Nigger-'tude

Harvard Law Professor Randall Kennedy's Troublesome Word

 Nigger is no ordinary noun. No other single epithet in the English language could justify a memoir and career profile as juicy as nigger, a word whose manifest destiny exercises a hold over the world as varied and virulent as Hollywood's. No other appellation in the American idiom has led such a rich, vibrant life; no other sobriquet has acquired such a juju-fied life force nor been the cause of so much continuing pain, pleasure, and acrimony. Not to mention ongoing controversies in our courts of law and public opinion. No other word has proven itself so emblematic of the host culture's worst and best features, meaning white supremacy and Black Resiliency. Nigger has been everywhere, seen everything, known and influenced players high and low, insinuated itself into all things American, moved freely from the bedroom to the boardroom, the outhouse to the courthouse, the locker room to the stateroom, from our killing fields to our fields of higher learning.

Randall Kennedy, an African American Harvard law professor and former clerk for Thurgood Marshall, recently published Nigger: The Strange Career of a Troublesome Word (Pantheon). Trouble has already come for Kennedy in the form of strong condemnations from Houston Baker, Patricia Williams, and Julianne Malveaux, three leading Black intellectuals. In a nutshell, Kennedy is arguing for the fluidity of the word in American life, noting that the "protean n-word" shifts in meaning and affect depending on who's using it, how, in what context, and to whom. To buttress the point, he draws Richard Pryor, Quentin Tarantino, Ice Cube, and various of the nation's appellate courts into the fray. Much of what he cites from court records is perversely funny, making the book read like one long, drawn-out nigger joke. People like Baker, Williams, and Malveaux who would deny nigger any leniency in the marketplace of ideas, Kennedy tags "Eradicationists." He himself, though, finds so much salacious joy in this project as to risk being labeled a nigger-fetishist. Kennedy often walks the fine line between being both an adjudicator of nigger-'tude and a nigger-apologist.

Oddly he doesn't touch upon the word's place in the British Raj in India or during the high period of African colonization, nor spend much time on its tactical use by U.S. slaveholders in lobotomizing the African part of the African American brain. Tacitly we get that nigger now instantaneously refers to us American Blacks. The author might have spelled out how this ahistorical, ontological, etymological, and epistemological twist came about. I suspect he didn't because that would have required spending more time discussing white power rather than his beloved nigger. (More on that later.)
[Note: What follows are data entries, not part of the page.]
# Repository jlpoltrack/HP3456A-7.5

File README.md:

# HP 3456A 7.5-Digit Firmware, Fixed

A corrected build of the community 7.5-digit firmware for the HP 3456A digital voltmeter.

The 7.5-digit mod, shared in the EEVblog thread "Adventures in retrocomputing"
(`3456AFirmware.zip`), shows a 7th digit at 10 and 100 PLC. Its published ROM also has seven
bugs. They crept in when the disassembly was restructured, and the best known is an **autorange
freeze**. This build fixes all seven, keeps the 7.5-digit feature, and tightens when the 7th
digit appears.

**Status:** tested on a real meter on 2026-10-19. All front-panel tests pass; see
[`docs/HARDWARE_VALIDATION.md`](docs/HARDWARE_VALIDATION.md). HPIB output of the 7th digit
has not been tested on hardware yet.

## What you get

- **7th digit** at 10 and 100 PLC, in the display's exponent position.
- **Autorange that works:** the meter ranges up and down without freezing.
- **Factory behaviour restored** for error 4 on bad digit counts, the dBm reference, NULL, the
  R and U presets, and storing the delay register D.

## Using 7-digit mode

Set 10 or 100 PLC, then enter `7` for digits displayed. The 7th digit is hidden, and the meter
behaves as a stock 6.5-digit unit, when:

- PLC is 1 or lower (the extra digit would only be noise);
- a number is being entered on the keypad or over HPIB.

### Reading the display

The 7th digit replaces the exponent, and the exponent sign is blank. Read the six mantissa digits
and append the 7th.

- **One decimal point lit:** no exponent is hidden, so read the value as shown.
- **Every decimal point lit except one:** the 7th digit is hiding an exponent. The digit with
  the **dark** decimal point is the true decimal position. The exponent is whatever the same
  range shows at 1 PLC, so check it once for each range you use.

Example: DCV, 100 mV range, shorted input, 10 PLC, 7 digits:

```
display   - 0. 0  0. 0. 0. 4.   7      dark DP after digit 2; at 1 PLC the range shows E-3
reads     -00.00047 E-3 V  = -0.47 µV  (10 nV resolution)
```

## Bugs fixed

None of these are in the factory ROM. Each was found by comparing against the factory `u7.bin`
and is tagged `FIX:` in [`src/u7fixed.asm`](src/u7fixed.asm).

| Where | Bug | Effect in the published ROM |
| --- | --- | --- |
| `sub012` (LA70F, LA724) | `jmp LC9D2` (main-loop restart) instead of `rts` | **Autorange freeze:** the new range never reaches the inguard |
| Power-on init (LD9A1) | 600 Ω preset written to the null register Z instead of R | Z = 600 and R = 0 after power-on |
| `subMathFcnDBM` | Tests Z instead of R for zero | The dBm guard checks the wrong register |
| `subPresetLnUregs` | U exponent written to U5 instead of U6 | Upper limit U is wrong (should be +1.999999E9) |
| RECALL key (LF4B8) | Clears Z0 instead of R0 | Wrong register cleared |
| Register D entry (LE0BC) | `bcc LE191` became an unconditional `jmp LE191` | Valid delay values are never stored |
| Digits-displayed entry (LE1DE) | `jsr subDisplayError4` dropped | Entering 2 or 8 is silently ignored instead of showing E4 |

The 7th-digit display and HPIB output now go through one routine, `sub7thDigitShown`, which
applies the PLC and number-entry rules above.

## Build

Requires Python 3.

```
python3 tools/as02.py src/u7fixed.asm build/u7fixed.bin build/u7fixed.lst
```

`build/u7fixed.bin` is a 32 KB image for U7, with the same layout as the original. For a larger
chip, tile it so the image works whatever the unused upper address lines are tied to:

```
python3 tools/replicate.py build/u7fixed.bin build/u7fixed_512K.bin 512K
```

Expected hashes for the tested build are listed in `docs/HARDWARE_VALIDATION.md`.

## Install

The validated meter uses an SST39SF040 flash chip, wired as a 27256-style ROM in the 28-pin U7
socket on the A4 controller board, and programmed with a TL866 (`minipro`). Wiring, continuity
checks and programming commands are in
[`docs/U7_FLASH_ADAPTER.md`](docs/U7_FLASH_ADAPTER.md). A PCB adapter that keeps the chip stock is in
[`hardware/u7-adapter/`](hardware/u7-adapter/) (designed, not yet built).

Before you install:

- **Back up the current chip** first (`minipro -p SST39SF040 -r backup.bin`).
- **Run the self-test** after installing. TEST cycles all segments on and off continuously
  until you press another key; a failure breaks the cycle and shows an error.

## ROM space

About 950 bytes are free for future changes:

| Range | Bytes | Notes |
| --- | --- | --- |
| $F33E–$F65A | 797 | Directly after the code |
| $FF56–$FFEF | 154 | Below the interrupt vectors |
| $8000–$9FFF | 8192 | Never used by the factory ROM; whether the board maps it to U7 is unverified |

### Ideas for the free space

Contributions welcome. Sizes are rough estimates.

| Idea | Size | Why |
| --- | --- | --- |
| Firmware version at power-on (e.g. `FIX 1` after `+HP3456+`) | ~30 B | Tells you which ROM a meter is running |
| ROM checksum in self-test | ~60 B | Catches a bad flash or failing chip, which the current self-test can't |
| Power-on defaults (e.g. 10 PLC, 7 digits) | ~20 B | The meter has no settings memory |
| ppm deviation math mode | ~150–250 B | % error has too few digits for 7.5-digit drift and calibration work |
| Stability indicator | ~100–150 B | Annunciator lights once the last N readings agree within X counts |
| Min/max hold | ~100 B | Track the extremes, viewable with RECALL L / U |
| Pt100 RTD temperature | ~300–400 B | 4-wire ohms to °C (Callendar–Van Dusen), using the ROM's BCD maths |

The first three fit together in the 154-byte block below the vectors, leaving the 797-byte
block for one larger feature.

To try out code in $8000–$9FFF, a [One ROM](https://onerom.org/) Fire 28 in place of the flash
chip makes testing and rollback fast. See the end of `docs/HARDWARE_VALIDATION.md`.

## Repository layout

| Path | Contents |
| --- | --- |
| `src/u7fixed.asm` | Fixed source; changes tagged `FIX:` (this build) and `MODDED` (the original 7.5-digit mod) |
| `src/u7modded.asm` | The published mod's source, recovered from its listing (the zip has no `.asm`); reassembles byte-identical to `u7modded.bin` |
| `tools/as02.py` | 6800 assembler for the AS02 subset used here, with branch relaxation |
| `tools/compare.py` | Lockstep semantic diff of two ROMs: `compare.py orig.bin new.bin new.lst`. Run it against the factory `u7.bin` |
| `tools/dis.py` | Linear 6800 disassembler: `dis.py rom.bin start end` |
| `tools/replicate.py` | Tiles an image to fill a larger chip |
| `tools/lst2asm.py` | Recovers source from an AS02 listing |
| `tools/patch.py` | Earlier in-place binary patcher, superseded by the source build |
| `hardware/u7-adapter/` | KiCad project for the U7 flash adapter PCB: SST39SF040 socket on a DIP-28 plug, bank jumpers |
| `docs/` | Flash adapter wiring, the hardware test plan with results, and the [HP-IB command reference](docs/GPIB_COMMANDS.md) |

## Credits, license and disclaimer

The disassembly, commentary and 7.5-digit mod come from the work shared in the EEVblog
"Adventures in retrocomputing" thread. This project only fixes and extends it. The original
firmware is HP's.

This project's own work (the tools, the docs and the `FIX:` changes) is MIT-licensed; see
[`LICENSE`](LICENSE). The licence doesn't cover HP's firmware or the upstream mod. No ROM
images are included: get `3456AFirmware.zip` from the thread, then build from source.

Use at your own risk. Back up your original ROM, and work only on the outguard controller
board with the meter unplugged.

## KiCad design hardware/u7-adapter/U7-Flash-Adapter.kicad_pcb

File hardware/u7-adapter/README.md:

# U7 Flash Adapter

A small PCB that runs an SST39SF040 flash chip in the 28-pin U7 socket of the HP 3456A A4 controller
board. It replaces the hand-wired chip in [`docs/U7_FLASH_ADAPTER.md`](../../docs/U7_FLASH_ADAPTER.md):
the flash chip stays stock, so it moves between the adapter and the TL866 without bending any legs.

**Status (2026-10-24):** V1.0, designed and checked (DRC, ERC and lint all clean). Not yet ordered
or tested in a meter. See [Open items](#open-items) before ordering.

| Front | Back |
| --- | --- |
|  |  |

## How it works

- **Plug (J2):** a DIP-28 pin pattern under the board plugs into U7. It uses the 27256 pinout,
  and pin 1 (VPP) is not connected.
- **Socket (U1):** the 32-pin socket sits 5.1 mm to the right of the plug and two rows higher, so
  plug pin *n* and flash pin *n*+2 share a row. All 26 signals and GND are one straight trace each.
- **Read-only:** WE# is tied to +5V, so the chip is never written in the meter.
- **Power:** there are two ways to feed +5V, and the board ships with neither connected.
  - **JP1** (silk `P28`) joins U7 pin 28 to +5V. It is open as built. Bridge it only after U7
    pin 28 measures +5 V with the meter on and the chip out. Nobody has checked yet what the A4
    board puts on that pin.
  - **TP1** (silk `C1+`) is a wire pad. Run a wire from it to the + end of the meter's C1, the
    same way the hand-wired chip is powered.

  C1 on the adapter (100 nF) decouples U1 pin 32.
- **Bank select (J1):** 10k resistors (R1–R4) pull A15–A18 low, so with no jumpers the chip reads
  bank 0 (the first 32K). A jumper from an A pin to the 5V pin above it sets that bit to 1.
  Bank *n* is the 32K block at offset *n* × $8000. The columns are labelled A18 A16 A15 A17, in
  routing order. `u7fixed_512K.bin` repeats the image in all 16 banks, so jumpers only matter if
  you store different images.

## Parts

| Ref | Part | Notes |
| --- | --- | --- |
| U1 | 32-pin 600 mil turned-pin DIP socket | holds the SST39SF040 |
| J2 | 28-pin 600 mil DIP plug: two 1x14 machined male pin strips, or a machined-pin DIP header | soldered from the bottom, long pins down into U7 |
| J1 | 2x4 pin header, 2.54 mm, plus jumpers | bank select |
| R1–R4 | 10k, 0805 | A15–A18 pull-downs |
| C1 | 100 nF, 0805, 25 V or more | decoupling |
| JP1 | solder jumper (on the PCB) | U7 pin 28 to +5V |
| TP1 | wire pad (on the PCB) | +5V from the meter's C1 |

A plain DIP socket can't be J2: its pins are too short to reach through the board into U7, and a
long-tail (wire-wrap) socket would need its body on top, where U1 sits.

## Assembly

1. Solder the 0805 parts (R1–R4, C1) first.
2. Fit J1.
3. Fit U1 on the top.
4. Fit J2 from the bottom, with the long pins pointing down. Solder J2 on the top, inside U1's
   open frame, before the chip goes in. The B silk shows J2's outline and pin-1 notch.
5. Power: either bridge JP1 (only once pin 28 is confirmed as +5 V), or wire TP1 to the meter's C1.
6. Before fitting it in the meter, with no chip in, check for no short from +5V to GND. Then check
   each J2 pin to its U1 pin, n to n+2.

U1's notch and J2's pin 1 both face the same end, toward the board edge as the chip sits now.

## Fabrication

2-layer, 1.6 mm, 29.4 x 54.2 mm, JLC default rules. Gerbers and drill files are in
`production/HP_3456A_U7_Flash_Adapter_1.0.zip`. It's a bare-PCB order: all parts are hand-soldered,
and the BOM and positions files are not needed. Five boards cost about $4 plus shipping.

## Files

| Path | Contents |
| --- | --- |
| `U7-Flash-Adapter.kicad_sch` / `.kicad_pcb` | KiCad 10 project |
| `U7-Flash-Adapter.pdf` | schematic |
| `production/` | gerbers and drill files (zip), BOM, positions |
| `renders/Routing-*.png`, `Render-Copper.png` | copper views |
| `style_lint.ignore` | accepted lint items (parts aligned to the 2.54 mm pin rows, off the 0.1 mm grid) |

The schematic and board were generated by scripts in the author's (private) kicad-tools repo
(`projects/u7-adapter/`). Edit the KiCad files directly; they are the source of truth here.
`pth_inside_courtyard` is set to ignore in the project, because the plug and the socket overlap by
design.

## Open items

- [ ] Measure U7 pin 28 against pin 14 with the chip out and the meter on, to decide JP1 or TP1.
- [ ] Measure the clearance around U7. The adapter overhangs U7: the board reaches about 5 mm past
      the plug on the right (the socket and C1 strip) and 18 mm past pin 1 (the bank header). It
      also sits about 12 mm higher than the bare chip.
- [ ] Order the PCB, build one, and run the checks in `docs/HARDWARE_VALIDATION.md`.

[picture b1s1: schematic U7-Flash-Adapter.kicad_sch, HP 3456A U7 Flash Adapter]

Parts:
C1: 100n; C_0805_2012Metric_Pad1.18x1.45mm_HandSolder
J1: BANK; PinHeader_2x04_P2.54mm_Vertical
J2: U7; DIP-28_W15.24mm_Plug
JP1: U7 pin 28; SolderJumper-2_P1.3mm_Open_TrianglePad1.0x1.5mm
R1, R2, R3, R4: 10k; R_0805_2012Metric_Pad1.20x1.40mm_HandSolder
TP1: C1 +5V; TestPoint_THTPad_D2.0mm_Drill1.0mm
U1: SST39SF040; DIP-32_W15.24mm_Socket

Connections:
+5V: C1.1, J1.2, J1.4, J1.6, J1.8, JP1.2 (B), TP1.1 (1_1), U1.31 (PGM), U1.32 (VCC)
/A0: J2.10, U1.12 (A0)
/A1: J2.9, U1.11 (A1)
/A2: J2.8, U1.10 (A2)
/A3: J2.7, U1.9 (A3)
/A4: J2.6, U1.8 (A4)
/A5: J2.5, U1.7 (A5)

Randall Kennedy risks being labeled a nigger-fetishist.
photo: Sylvia Plachy
Randall Kennedy risks being labeled a nigger-fetishist.

Instead, Kennedy, an American-law scholar and author of the acclaimed Race, Crime and the Law, treats us to the tortuous reasoning and outcome of numerous legal cases where debates over the use of the word nigger held lives and judgment fees in the balance. Some are less tragic than darkly comic—like the college basketball coach who asked his realnigga players for permission to rally the team by using nigger as they used it, as a supermasculine signifier separating the pussies from the truly hard motherfuckers. This gambit, Kennedy rightly argues, cost Coach his job, though the writer is sympathetic to Coach's Rodney-can't-we-all-just-love-niggers-King naïveté. No friend of the academic hate-speech code on campuses, Kennedy is less understanding toward the "hypersensitive" Black student who led a successful campaign to get a white professor fired for referencing nigger in a discussion of hateful speech.

Some of the less ambiguous, and less offensive to the Black upper-middle-class, cases involve lawsuits against white employers and supervisors who deployed the term with extreme prejudice. Some of these cases were lost or never even got to trial because their judges found no great harm in bosses' heatedly spraying nigger around their shops at Black underlings. One judge went so far as to claim nigger had simply become a "convention of the workplace" and therefore couldn't possibly qualify as inflammatory or discriminatory. Be a cracker beat-down convention at most workplaces I know of thanks to Title VII of the Civil Rights Act, whose limits Kennedy reports with stinging jurisprudence. Black folk who've traded in the hot knuckle sandwich for the steamed legal brief get rebuffed a lot.

Questions of nigger-context and who has license-to-nigger clearly delight Kennedy, who finally betrays his own fetish for the N-word's lumpen, transgressive powers when he speaks of certain Black entertainers as exhibiting a "bracing independence" when using the word, as if only their relationship to it mattered. He also praises them for their daring to "eschew boring conventions including the one that maintains, despite massive evidence to the contrary, that nigger can mean only one thing." Some would describe this "bracing independence" as the new minstrelsy, since post-gangsta, just being Black and wrong isn't as energizing or emancipatory as it used to be. It also doesn't seem anyone is arguing against nigger's multiple meanings—just that it still means the same thing to those in power and remains one of their weapons against the Black and powerless who tend not to be Harvard ensconced.